[Items listed in a dataset]
━━━

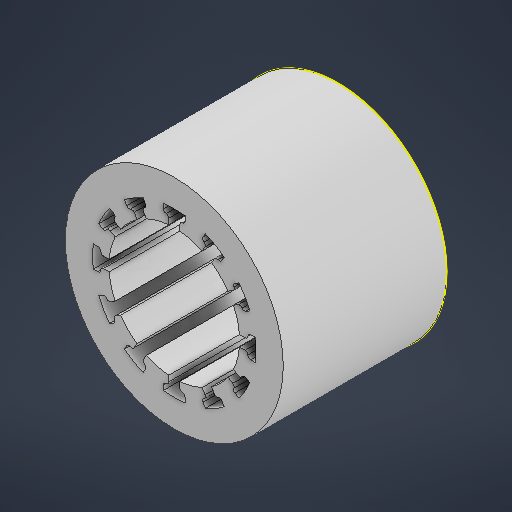
# Autodesk Inventor part: СИСЬКА
Saved by Autodesk Inventor 2025 (Build 290162000, 162)
## iProperties
Created: 2025-10-03
Part Number: СИСЬКА
Material: Типовые
Document SubType Name: Modeling
Designer: Phantom
Density: 1 g/cm^3
Appearance: По умолчанию
Author: Phantom
Autodesk Inventor part; units mm, degrees
ref_plane "YZ Plane" through (0, 0, 0) normal (1, 0, 0) x (0, 1, 0)
ref_plane "XZ Plane" through (0, 0, 0) normal (0, 1, 0) x (-1, 0, 0)
ref_plane "XY Plane" through (0, 0, 0) normal (0, 0, 1) x (1, 0, 0)
sketch "Эскиз1" plane through (0, 0, 0) normal (0, 0, 1) x (1, 0, 0)
  line L0 (-10.0069, -9.9098) -> (-10.0069, 10.0902)
  line L1 (-10.0069, 10.0902) -> (9.9931, 10.0902)
  line L2 (9.9931, 10.0902) -> (9.9931, -9.9098)
  line L3 (9.9931, -9.9098) -> (-10.0069, -9.9098)
  arc A0 (15.9207, 25.1962) -> (15.3056, 28.1887) centre (14.3486, 26.4325) ccw
  line L4 (10.8274, 18.7196) -> (15.9207, 25.1962)
  arc A1 (8.4102, 18.1432) -> (10.8274, 18.7196) centre (9.2553, 19.9559) ccw
  arc A2 (8.4102, 18.1432) -> (6.3595, 18.9642) centre (-0.0069, 0.0902) ccw
  arc A3 (5.0078, 21.0494) -> (6.3595, 18.9642) centre (6.9987, 20.8593) ccw
  line L5 (5.791, 29.2515) -> (5.0078, 21.0494)
  arc A4 (8.3012, 30.9928) -> (5.791, 29.2515) centre (7.7819, 29.0614) ccw
  arc A5 (8.3012, 30.9928) -> (-2.3164, 32.0067) centre (-0.0069, 0.0902) ccw
  arc A6 (-0.1811, 29.8218) -> (-2.3164, 32.0067) centre (-2.1721, 30.0119) ccw
  line L6 (-0.9643, 21.6197) -> (-0.1811, 29.8218)
  arc A7 (-2.6862, 19.828) -> (-0.9643, 21.6197) centre (-2.9553, 21.8098) ccw
  arc A8 (-2.6862, 19.828) -> (-4.8552, 19.4099) centre (-0.0069, 0.0902) ccw
  arc A9 (-7.1197, 20.4333) -> (-4.8552, 19.4099) centre (-5.342, 21.3498) ccw
  line L7 (-10.8952, 27.7568) -> (-7.1197, 20.4333)
  arc A10 (-9.7249, 30.5788) -> (-10.8952, 27.7568) centre (-9.1176, 28.6733) ccw
  arc A11 (-9.7249, 30.5788) -> (-19.2052, 25.6914) centre (-0.0069, 0.0902) ccw
  arc A12 (-16.2276, 25.0078) -> (-19.2052, 25.6914) centre (-18.0053, 24.0914) ccw
  line L8 (-12.4521, 17.6843) -> (-16.2276, 25.0078)
  arc A13 (-12.932, 15.2461) -> (-12.4521, 17.6843) centre (-14.2297, 16.7678) ccw
  arc A14 (-12.932, 15.2461) -> (-14.5306, 13.7218) centre (-0.0069, 0.0902) ccw
  arc A15 (-16.9889, 13.3584) -> (-14.5306, 13.7218) centre (-15.9889, 15.0905) ccw
  line L9 (-24.1245, 17.4781) -> (-16.9889, 13.3584)
  arc A16 (-24.6657, 20.4849) -> (-24.1245, 17.4781) centre (-23.1245, 19.2102) ccw
  arc A17 (-24.6657, 20.4849) -> (-29.9986, 11.2479) centre (-0.0069, 0.0902) ccw
  arc A18 (-27.1241, 12.2826) -> (-29.9986, 11.2479) centre (-28.1241, 10.5506) ccw
  line L10 (-19.9885, 8.1629) -> (-27.1241, 12.2826)
  arc A19 (-19.0741, 5.8523) -> (-19.9885, 8.1629) centre (-20.9885, 6.4309) ccw
  arc A20 (-19.0741, 5.8523) -> (-19.5948, 3.7057) centre (-0.0069, 0.0902) ccw
  arc A21 (-21.4664, 2.0709) -> (-19.5948, 3.7057) centre (-21.5616, 4.0687) ccw
  line L11 (-29.6965, 1.6789) -> (-21.4664, 2.0709)
  arc A22 (-31.7774, 3.9157) -> (-29.6965, 1.6789) centre (-29.7917, 3.6766) ccw
  arc A23 (-31.7774, 3.9157) -> (-31.2699, -6.7381) centre (-0.0069, 0.0902) ccw
  arc A24 (-29.4111, -4.3136) -> (-31.2699, -6.7381) centre (-29.3159, -6.3113) ccw
  line L12 (-21.181, -3.9215) -> (-29.4111, -4.3136)
  arc A25 (-19.1625, -5.3709) -> (-21.181, -3.9215) centre (-21.0858, -5.9193) ccw
  arc A26 (-19.1625, -5.3709) -> (-18.44, -7.4583) centre (-0.0069, 0.0902) ccw
  arc A27 (-19.1307, -9.8454) -> (-18.44, -7.4583) centre (-20.2908, -8.2163) ccw
  line L13 (-25.8424, -14.6248) -> (-19.1307, -9.8454)
  arc A28 (-28.8022, -13.868) -> (-25.8424, -14.6248) centre (-27.0025, -12.9956) ccw
  arc A29 (-28.8022, -13.868) -> (-22.6154, -22.5562) centre (-0.0069, 0.0902) ccw
  arc A30 (-22.3624, -19.5116) -> (-22.6154, -22.5562) centre (-21.2023, -21.1408) ccw
  line L14 (-15.6508, -14.7323) -> (-22.3624, -19.5116)
  arc A31 (-13.1691, -14.8603) -> (-15.6508, -14.7323) centre (-14.4907, -16.3614) ccw
  arc A32 (-13.1691, -14.8603) -> (-11.4328, -16.2257) centre (-0.0069, 0.0902) ccw
  arc A33 (-10.7233, -18.6073) -> (-11.4328, -16.2257) centre (-12.58, -17.864) ccw
  line L15 (-13.7856, -26.2565) -> (-10.7233, -18.6073)
  arc A34 (-16.6847, -27.2201) -> (-13.7856, -26.2565) centre (-15.6423, -25.5132) ccw
  arc A35 (-16.6847, -27.2201) -> (-6.7828, -31.1842) centre (-0.0069, 0.0902) ccw
  arc A36 (-8.2161, -28.4862) -> (-6.7828, -31.1842) centre (-6.3593, -29.2296) ccw
  line L16 (-5.1538, -20.837) -> (-8.2161, -28.4862)
  arc A37 (-2.9968, -19.603) -> (-5.1538, -20.837) centre (-3.297, -21.5803) ccw
  arc A38 (-2.9968, -19.603) -> (-0.7979, -19.813) centre (-0.0069, 0.0902) ccw
  arc A39 (1.0865, -21.4329) -> (-0.7979, -19.813) centre (-0.8773, -21.8114) ccw
  line L17 (2.6459, -29.5234) -> (1.0865, -21.4329)
  arc A40 (0.7279, -31.9014) -> (2.6459, -29.5234) centre (0.682, -29.9019) ccw
  arc A41 (0.7279, -31.9014) -> (11.201, -29.8829) centre (-0.0069, 0.0902) ccw
  arc A42 (8.5367, -28.3881) -> (11.201, -29.8829) centre (10.5006, -28.0096) ccw
  line L18 (6.9789, -20.3054) -> (8.5367, -28.3881)
  arc A43 (8.1187, -18.1045) -> (6.9789, -20.3054) centre (8.9427, -19.9268) ccw
  arc A44 (8.1187, -18.1045) -> (10.086, -17.0832) centre (-0.3176, 0.5517) ccw
  arc A45 (12.5497, -17.4256) -> (10.086, -17.0832) centre (11.1023, -18.8058) ccw
  line L19 (18.2351, -23.3882) -> (12.5497, -17.4256)
  arc A46 (17.9072, -26.4256) -> (18.2351, -23.3882) centre (16.7876, -24.7684) ccw
  arc A47 (17.9072, -26.4256) -> (25.6265, -19.0653) centre (-0.0069, 0.0902) ccw
  arc A48 (22.5769, -19.2482) -> (25.6265, -19.0653) centre (24.0244, -17.8681) ccw
  line L20 (16.8911, -13.2851) -> (22.5769, -19.2482)
  arc A49 (16.6646, -10.8104) -> (16.8911, -13.2851) centre (18.3385, -11.9049) ccw
  arc A50 (16.6646, -10.8104) -> (17.769, -8.8975) centre (-0.0069, 0.0902) ccw
  arc A51 (20.0254, -7.8563) -> (17.769, -8.8975) centre (19.5539, -9.7999) ccw
  line L21 (28.0326, -9.7988) -> (20.0254, -7.8563)
  arc A52 (29.3989, -12.5312) -> (28.0326, -9.7988) centre (27.5611, -11.7424) ccw
  arc A53 (29.3989, -12.5312) -> (31.9135, -2.166) centre (-0.0069, 0.0902) ccw
  arc A54 (29.447, -3.9686) -> (31.9135, -2.166) centre (29.9185, -2.025) ccw
  line L22 (21.4398, -2.0261) -> (29.447, -3.9686)
  arc A55 (19.9114, -0.0667) -> (21.4398, -2.0261) centre (21.9113, -0.0825) ccw
  arc A56 (19.9114, -0.0667) -> (19.8062, 2.1397) centre (-0.0069, 0.0902) ccw
  arc A57 (21.1415, 4.2355) -> (19.8062, 2.1397) centre (21.7956, 2.3455) ccw
  line L23 (28.9278, 6.9303) -> (21.1415, 4.2355)
  arc A58 (31.5545, 5.3703) -> (28.9278, 6.9303) centre (29.5819, 5.0403) ccw
  arc A59 (31.5545, 5.3703) -> (23.2125, 22.1098) centre (-0.0069, 0.0902) ccw
  arc A60 (26.9459, 12.7815) -> (28.2217, 15.1615) centre (26.2834, 14.6686) ccw
  line L24 (19.1717, 10.0522) -> (26.9459, 12.7815)
  arc A61 (16.8229, 10.8638) -> (19.1717, 10.0522) centre (18.5092, 11.9393) ccw
  arc A62 (16.8229, 10.8638) -> (15.5337, 12.6575) centre (0.0291, 0.1528) ccw
  arc A63 (15.5129, 15.1424) -> (15.5337, 12.6575) centre (17.0905, 13.913) ccw
  line L25 (20.5775, 21.6415) -> (15.5129, 15.1424)
  arc A64 (23.2125, 22.1098) -> (20.5775, 21.6415) centre (22.155, 20.4122) ccw
  arc A65 (23.2125, 22.1098) -> (15.3056, 28.1887) centre (-0.0069, 0.0902) ccw
  arc A66 (8.4102, 18.1432) -> (6.3595, 18.9642) centre (-0.0069, 0.0902) ccw
  arc A67 (8.4102, 18.1432) -> (10.8274, 18.7196) centre (9.2553, 19.9559) ccw
  line L26 (10.8274, 18.7196) -> (15.9207, 25.1962)
  arc A68 (15.9207, 25.1962) -> (15.3056, 28.1887) centre (14.3486, 26.4325) ccw
  arc A69 (15.3056, 28.1887) -> (8.3012, 30.9928) centre (-0.0069, 0.0902) ccw
  arc A70 (8.3012, 30.9928) -> (5.791, 29.2515) centre (7.7819, 29.0614) ccw
  line L27 (5.791, 29.2515) -> (5.0078, 21.0494)
  arc A71 (5.0078, 21.0494) -> (6.3595, 18.9642) centre (6.9987, 20.8593) ccw
  line L28 (-0.9643, 21.6197) -> (-0.1811, 29.8218)
  arc A72 (-0.1811, 29.8218) -> (-2.3164, 32.0067) centre (-2.1721, 30.0119) ccw
  arc A73 (-2.3164, 32.0067) -> (-9.7249, 30.5788) centre (-0.0069, 0.0902) ccw
  arc A74 (-9.7249, 30.5788) -> (-10.8952, 27.7568) centre (-9.1176, 28.6733) ccw
  line L29 (-10.8952, 27.7568) -> (-7.1197, 20.4333)
  arc A75 (-7.1197, 20.4333) -> (-4.8552, 19.4099) centre (-5.342, 21.3498) ccw
  arc A76 (-2.6862, 19.828) -> (-4.8552, 19.4099) centre (-0.0069, 0.0902) ccw
  arc A77 (-2.6862, 19.828) -> (-0.9643, 21.6197) centre (-2.9553, 21.8098) ccw
  arc A78 (-12.932, 15.2461) -> (-14.5306, 13.7218) centre (-0.0069, 0.0902) ccw
  arc A79 (-12.932, 15.2461) -> (-12.4521, 17.6843) centre (-14.2297, 16.7678) ccw
  line L30 (-12.4521, 17.6843) -> (-16.2276, 25.0078)
  arc A80 (-16.2276, 25.0078) -> (-19.2052, 25.6914) centre (-18.0053, 24.0914) ccw
  arc A81 (-19.2052, 25.6914) -> (-24.6657, 20.4849) centre (-0.0069, 0.0902) ccw
  arc A82 (-24.6657, 20.4849) -> (-24.1245, 17.4781) centre (-23.1245, 19.2102) ccw
  line L31 (-24.1245, 17.4781) -> (-16.9889, 13.3584)
  arc A83 (-16.9889, 13.3584) -> (-14.5306, 13.7218) centre (-15.9889, 15.0905) ccw
  arc A84 (-29.9986, 11.2479) -> (-31.7774, 3.9157) centre (-0.0069, 0.0902) ccw
  arc A85 (-31.7774, 3.9157) -> (-29.6965, 1.6789) centre (-29.7917, 3.6766) ccw
  line L32 (-29.6965, 1.6789) -> (-21.4664, 2.0709)
  arc A86 (-21.4664, 2.0709) -> (-19.5948, 3.7057) centre (-21.5616, 4.0687) ccw
  arc A87 (-19.0741, 5.8523) -> (-19.5948, 3.7057) centre (-0.0069, 0.0902) ccw
  arc A88 (-19.0741, 5.8523) -> (-19.9885, 8.1629) centre (-20.9885, 6.4309) ccw
  line L33 (-19.9885, 8.1629) -> (-27.1241, 12.2826)
  arc A89 (-27.1241, 12.2826) -> (-29.9986, 11.2479) centre (-28.1241, 10.5506) ccw
  arc A90 (-31.2699, -6.7381) -> (-28.8022, -13.868) centre (-0.0069, 0.0902) ccw
  arc A91 (-28.8022, -13.868) -> (-25.8424, -14.6248) centre (-27.0025, -12.9956) ccw
  line L34 (-25.8424, -14.6248) -> (-19.1307, -9.8454)
  arc A92 (-19.1307, -9.8454) -> (-18.44, -7.4583) centre (-20.2908, -8.2163) ccw
  arc A93 (-19.1625, -5.3709) -> (-18.44, -7.4583) centre (-0.0069, 0.0902) ccw
  arc A94 (-19.1625, -5.3709) -> (-21.181, -3.9215) centre (-21.0858, -5.9193) ccw
  line L35 (-21.181, -3.9215) -> (-29.4111, -4.3136)
  arc A95 (-29.4111, -4.3136) -> (-31.2699, -6.7381) centre (-29.3159, -6.3113) ccw
  arc A96 (-6.7828, -31.1842) -> (0.7279, -31.9014) centre (-0.0069, 0.0902) ccw
  arc A97 (0.7279, -31.9014) -> (2.6459, -29.5234) centre (0.682, -29.9019) ccw
  line L36 (2.6459, -29.5234) -> (1.0865, -21.4329)
  arc A98 (1.0865, -21.4329) -> (-0.7979, -19.813) centre (-0.8773, -21.8114) ccw
  arc A99 (-2.9968, -19.603) -> (-0.7979, -19.813) centre (-0.0069, 0.0902) ccw
  arc A100 (-2.9968, -19.603) -> (-5.1538, -20.837) centre (-3.297, -21.5803) ccw
  line L37 (-5.1538, -20.837) -> (-8.2161, -28.4862)
  arc A101 (-8.2161, -28.4862) -> (-6.7828, -31.1842) centre (-6.3593, -29.2296) ccw
  arc A102 (11.201, -29.8829) -> (17.9072, -26.4256) centre (-0.0069, 0.0902) ccw
  arc A103 (17.9072, -26.4256) -> (18.2351, -23.3882) centre (16.7876, -24.7684) ccw
  line L38 (18.2351, -23.3882) -> (12.5497, -17.4256)
  arc A104 (12.5497, -17.4256) -> (10.086, -17.0832) centre (11.1023, -18.8058) ccw
  arc A105 (8.1187, -18.1045) -> (10.086, -17.0832) centre (-0.3176, 0.5517) ccw
  arc A106 (8.1187, -18.1045) -> (6.9789, -20.3054) centre (8.9427, -19.9268) ccw
  line L39 (6.9789, -20.3054) -> (8.5367, -28.3881)
  arc A107 (8.5367, -28.3881) -> (11.201, -29.8829) centre (10.5006, -28.0096) ccw
  arc A108 (-22.6154, -22.5562) -> (-16.6847, -27.2201) centre (-0.0069, 0.0902) ccw
  arc A109 (-16.6847, -27.2201) -> (-13.7856, -26.2565) centre (-15.6423, -25.5132) ccw
  line L40 (-13.7856, -26.2565) -> (-10.7233, -18.6073)
  arc A110 (-10.7233, -18.6073) -> (-11.4328, -16.2257) centre (-12.58, -17.864) ccw
  arc A111 (-13.1691, -14.8603) -> (-11.4328, -16.2257) centre (-0.0069, 0.0902) ccw
  arc A112 (-13.1691, -14.8603) -> (-15.6508, -14.7323) centre (-14.4907, -16.3614) ccw
  line L41 (-15.6508, -14.7323) -> (-22.3624, -19.5116)
  arc A113 (-22.3624, -19.5116) -> (-22.6154, -22.5562) centre (-21.2023, -21.1408) ccw
  arc A114 (16.6646, -10.8104) -> (17.769, -8.8975) centre (-0.0069, 0.0902) ccw
  arc A115 (16.6646, -10.8104) -> (16.8911, -13.2851) centre (18.3385, -11.9049) ccw
  line L42 (16.8911, -13.2851) -> (22.5769, -19.2482)
  arc A116 (22.5769, -19.2482) -> (25.6265, -19.0653) centre (24.0244, -17.8681) ccw
  arc A117 (25.6265, -19.0653) -> (29.3989, -12.5312) centre (-0.0069, 0.0902) ccw
  arc A118 (29.3989, -12.5312) -> (28.0326, -9.7988) centre (27.5611, -11.7424) ccw
  line L43 (28.0326, -9.7988) -> (20.0254, -7.8563)
  arc A119 (20.0254, -7.8563) -> (17.769, -8.8975) centre (19.5539, -9.7999) ccw
  line L44 (21.4398, -2.0261) -> (29.447, -3.9686)
  arc A120 (29.447, -3.9686) -> (31.9135, -2.166) centre (29.9185, -2.025) ccw
  arc A121 (31.9135, -2.166) -> (31.5545, 5.3703) centre (-0.0069, 0.0902) ccw
  arc A122 (31.5545, 5.3703) -> (28.9278, 6.9303) centre (29.5819, 5.0403) ccw
  line L45 (28.9278, 6.9303) -> (21.1415, 4.2355)
  arc A123 (21.1415, 4.2355) -> (19.8062, 2.1397) centre (21.7956, 2.3455) ccw
  arc A124 (19.9114, -0.0667) -> (19.8062, 2.1397) centre (-0.0069, 0.0902) ccw
  arc A125 (19.9114, -0.0667) -> (21.4398, -2.0261) centre (21.9113, -0.0825) ccw
  circle A126 centre (-0.0069, 0.0902) radius 40
  point P0 (0, 0)
  point P1 (-1.2221, -0.4307)
  point P2 (15.3056, 28.1887)
  point P3 (5.0078, 21.0494)
  point P4 (-2.3164, 32.0067)
  point P5 (-4.8552, 19.4099)
  point P6 (-7.1197, 20.4333)
  point P7 (-9.7249, 30.5788)
  point P8 (-16.9889, 13.3584)
  point P9 (-31.7774, 3.9157)
  point P10 (-31.2699, -6.7381)
  point P11 (-28.8022, -13.868)
  point P12 (-22.6154, -22.5562)
  point P13 (-6.7828, -31.1842)
  point P14 (0.7279, -31.9014)
  point P15 (11.201, -29.8829)
  point P16 (17.9072, -26.4256)
  point P17 (21.4398, -2.0261)
  dimension "d0" = 80
  constraints: 253 point on circle, 127 centre point, 92 end point, 1 coincident
  measures "d0" diameter of A126
extrude "Выдавливание1" add sketch "Эскиз1" along normal blind 60 contours L4 A1 A2 A3 L5 A4 A69 A0 | A0 A65 A64 L25 A63 A62 A61 L24 A60 A59 A58 L23 A57 A56 A55 L22 A54 A53 A52 L21 A51 A50 A49 L20 A48 A47 A46 L19 A45 A44 A43 L18 A42 A41 A40 L17 A39 A38 A37 L16 A36 A35 A34 L15 A33 A32 A31 L14 A30 A29 A28 L13 A27 A26 A25 L12 A24 A23 A22 L11 A21 A20 A19 L10 A18 A17 A16 L9 A15 A14 A13 L8 A12 A11 A10 L7 A9 A8 A7 L6 A6 A5 A4 L5 A3 A2 A1 L4 | A59 A60 L24 A61 A62 A63 L25 A64 | A6 L6 A7 A8 A9 L7 A10 A73 | A121 A54 L22 A55 A56 A57 L23 A58 | A12 L8 A13 A14 A15 L9 A16 A81 | A117 A48 L20 A49 A50 A51 L21 A52 | A18 L10 A19 A20 A21 L11 A22 A84 | A102 A42 L18 A43 A44 A45 L19 A46 | A24 L12 A25 A26 A27 L13 A28 A90 | A96 A36 L16 A37 A38 A39 L17 A40 | A30 L14 A31 A32 A33 L15 A34 A108 | A126
sketch "Эскиз4" plane through (-0.0069, 0.0902, 60) normal (0, 0, 1) x (1, 0, 0)
  circle A0 centre (0, 0) radius 40 projected
  circle A1 centre (0, 0) radius 30
  line L0 (0, 30) -> (0, -30)
  line L1 (-4, 30) -> (-4, 28)
  line L2 (4, 30) -> (4, 28)
  line L3 (3, 27) -> (3, 27)
  line L4 (-2, 26) -> (-2, -30)
  line L5 (2, 26) -> (2, -30)
  arc A2 (-2, 26) -> (-3, 27) centre (-3, 26) ccw
  arc A3 (-4, 28) -> (-3, 27) centre (-3, 28) ccw
  arc A4 (3, 27) -> (4, 28) centre (3, 28) ccw
  arc A5 (3, 27) -> (2, 26) centre (3, 26) ccw
  line L6 (-4, 34.038) -> (4, 34.038)
  circle A6 centre (0, 0) radius 24
  line L7 (-18.4641, 23.9808) -> (-17.4641, 22.2487)
  arc A7 (-17.4641, 22.2487) -> (-16.0981, 21.8827) centre (-16.5981, 22.7487) ccw
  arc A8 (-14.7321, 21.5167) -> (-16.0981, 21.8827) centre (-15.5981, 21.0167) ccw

━━━

• [WHAT TO PRODUCE]
In the data above, find the line that contains "arc A95 (-29.4111, -4.3136)" and the line that contains "arc A100 (-2.9968, -19.603)". Repeat exactly those lines and every line between them, and only those.

• [SOLVED EXERCISE]
  arc A95 (-29.4111, -4.3136) -> (-31.2699, -6.7381) centre (-29.3159, -6.3113) ccw
  arc A96 (-6.7828, -31.1842) -> (0.7279, -31.9014) centre (-0.0069, 0.0902) ccw
  arc A97 (0.7279, -31.9014) -> (2.6459, -29.5234) centre (0.682, -29.9019) ccw
  line L36 (2.6459, -29.5234) -> (1.0865, -21.4329)
  arc A98 (1.0865, -21.4329) -> (-0.7979, -19.813) centre (-0.8773, -21.8114) ccw
  arc A99 (-2.9968, -19.603) -> (-0.7979, -19.813) centre (-0.0069, 0.0902) ccw
  arc A100 (-2.9968, -19.603) -> (-5.1538, -20.837) centre (-3.297, -21.5803) ccw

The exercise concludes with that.